**EXERCISE DIRECTIONS:** Both the line below containing "#90=ADVANCED_FACE('F465',(#89),#23,.T.);" and the line containing "#96=VERTEX_POINT('',#95);", along with every line between them, should be repeated exactly; no other line belongs in the answer.

(DATA LISTING)

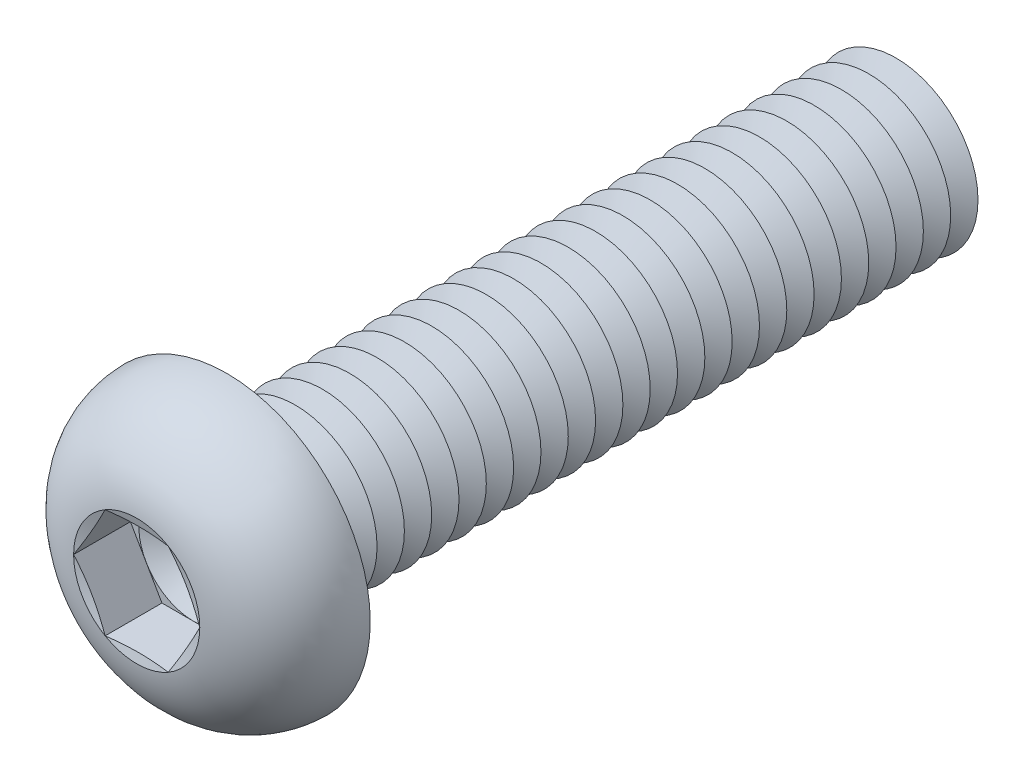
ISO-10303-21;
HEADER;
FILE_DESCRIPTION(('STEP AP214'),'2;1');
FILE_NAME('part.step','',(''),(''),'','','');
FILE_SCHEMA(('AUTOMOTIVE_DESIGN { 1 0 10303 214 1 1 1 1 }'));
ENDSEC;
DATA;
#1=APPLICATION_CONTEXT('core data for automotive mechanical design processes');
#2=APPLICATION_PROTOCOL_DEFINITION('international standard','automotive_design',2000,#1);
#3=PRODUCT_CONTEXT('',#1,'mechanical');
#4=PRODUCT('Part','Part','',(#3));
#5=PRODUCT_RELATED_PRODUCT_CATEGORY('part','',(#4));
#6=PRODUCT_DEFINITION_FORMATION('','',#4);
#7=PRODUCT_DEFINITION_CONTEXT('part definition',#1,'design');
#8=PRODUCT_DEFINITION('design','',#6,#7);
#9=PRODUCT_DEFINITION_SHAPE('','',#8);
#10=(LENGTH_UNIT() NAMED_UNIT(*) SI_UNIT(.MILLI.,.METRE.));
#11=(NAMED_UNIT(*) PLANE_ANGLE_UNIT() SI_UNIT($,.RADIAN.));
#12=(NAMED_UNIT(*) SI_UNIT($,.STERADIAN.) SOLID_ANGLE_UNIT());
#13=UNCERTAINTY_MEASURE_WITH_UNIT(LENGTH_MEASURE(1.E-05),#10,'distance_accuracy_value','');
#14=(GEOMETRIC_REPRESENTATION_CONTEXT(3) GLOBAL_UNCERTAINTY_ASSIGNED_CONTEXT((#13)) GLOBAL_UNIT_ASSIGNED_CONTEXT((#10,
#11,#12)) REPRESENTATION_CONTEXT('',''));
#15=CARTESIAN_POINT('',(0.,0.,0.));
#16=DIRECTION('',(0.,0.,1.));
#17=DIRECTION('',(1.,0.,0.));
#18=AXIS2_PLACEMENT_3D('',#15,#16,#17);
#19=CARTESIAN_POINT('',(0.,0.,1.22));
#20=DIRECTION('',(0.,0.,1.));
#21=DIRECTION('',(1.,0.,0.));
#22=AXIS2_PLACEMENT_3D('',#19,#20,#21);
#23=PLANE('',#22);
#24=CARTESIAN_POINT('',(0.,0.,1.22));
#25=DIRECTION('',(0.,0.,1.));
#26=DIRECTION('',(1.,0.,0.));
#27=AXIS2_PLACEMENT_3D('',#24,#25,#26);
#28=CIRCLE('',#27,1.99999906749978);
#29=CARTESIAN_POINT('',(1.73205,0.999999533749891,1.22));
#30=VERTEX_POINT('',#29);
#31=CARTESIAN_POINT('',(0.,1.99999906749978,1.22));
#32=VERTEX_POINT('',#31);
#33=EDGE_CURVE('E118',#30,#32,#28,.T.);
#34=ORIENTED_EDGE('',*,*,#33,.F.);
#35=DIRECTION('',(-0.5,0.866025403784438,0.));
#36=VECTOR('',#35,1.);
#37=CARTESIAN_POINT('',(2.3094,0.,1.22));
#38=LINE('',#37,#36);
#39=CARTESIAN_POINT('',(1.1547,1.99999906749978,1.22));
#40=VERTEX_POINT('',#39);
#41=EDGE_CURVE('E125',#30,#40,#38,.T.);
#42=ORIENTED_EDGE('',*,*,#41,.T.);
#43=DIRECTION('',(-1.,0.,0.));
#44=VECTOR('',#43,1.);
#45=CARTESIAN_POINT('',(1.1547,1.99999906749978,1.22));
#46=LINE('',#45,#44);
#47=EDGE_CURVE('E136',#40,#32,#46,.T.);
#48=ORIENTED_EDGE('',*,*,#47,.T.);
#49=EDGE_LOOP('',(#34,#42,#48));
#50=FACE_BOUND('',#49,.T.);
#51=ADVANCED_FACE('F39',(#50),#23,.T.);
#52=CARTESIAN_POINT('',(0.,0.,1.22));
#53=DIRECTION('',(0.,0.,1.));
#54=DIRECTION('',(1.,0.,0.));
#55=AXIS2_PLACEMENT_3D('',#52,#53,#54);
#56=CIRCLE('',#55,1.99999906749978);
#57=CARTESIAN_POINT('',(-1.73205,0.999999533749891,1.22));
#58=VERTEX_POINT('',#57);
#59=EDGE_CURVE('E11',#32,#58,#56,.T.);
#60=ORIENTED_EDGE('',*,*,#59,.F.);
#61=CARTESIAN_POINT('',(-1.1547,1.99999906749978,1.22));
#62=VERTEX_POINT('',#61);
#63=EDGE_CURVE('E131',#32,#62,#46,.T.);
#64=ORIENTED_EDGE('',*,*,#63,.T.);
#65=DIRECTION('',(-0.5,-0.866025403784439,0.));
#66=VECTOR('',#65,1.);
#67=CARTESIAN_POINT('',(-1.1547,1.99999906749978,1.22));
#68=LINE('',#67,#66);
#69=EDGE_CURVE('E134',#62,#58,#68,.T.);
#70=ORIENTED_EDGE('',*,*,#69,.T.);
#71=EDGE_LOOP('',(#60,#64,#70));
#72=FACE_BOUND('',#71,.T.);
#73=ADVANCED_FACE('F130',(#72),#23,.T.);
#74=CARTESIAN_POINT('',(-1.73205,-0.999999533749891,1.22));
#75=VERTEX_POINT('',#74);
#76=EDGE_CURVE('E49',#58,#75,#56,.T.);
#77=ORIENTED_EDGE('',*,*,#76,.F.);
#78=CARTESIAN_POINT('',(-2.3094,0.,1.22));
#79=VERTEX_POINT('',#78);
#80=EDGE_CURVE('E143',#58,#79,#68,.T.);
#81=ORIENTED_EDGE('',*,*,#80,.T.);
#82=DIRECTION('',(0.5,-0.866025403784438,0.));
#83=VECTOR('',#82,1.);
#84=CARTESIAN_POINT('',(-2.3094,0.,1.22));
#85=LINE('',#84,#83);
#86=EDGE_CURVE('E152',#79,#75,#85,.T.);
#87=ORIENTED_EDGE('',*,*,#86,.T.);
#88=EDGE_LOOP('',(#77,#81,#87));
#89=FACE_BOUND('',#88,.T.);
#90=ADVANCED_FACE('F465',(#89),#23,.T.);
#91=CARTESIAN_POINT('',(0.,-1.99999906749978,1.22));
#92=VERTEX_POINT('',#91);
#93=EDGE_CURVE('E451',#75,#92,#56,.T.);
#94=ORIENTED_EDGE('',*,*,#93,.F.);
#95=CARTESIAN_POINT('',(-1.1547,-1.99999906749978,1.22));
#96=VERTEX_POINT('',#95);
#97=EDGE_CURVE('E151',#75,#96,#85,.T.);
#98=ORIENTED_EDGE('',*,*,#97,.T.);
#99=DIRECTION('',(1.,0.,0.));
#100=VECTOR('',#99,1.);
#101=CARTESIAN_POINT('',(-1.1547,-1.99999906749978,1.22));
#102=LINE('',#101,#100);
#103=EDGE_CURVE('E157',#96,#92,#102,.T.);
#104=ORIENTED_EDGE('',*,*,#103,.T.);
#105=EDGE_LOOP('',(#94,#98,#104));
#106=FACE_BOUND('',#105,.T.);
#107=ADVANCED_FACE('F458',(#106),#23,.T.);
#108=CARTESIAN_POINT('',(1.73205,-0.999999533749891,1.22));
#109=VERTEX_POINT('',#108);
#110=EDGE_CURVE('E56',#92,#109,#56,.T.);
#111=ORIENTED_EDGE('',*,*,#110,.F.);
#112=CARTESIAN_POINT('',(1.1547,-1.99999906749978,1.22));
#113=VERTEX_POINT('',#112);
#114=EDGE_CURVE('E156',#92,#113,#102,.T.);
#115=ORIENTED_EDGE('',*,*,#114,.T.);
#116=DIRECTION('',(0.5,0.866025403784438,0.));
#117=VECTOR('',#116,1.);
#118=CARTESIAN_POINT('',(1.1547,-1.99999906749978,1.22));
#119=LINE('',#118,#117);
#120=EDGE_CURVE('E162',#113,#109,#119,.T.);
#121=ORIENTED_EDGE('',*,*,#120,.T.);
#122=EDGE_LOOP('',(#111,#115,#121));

(End DATA LISTING)

**REPLY TO THE TASK:**
#90=ADVANCED_FACE('F465',(#89),#23,.T.);
#91=CARTESIAN_POINT('',(0.,-1.99999906749978,1.22));
#92=VERTEX_POINT('',#91);
#93=EDGE_CURVE('E451',#75,#92,#56,.T.);
#94=ORIENTED_EDGE('',*,*,#93,.F.);
#95=CARTESIAN_POINT('',(-1.1547,-1.99999906749978,1.22));
#96=VERTEX_POINT('',#95);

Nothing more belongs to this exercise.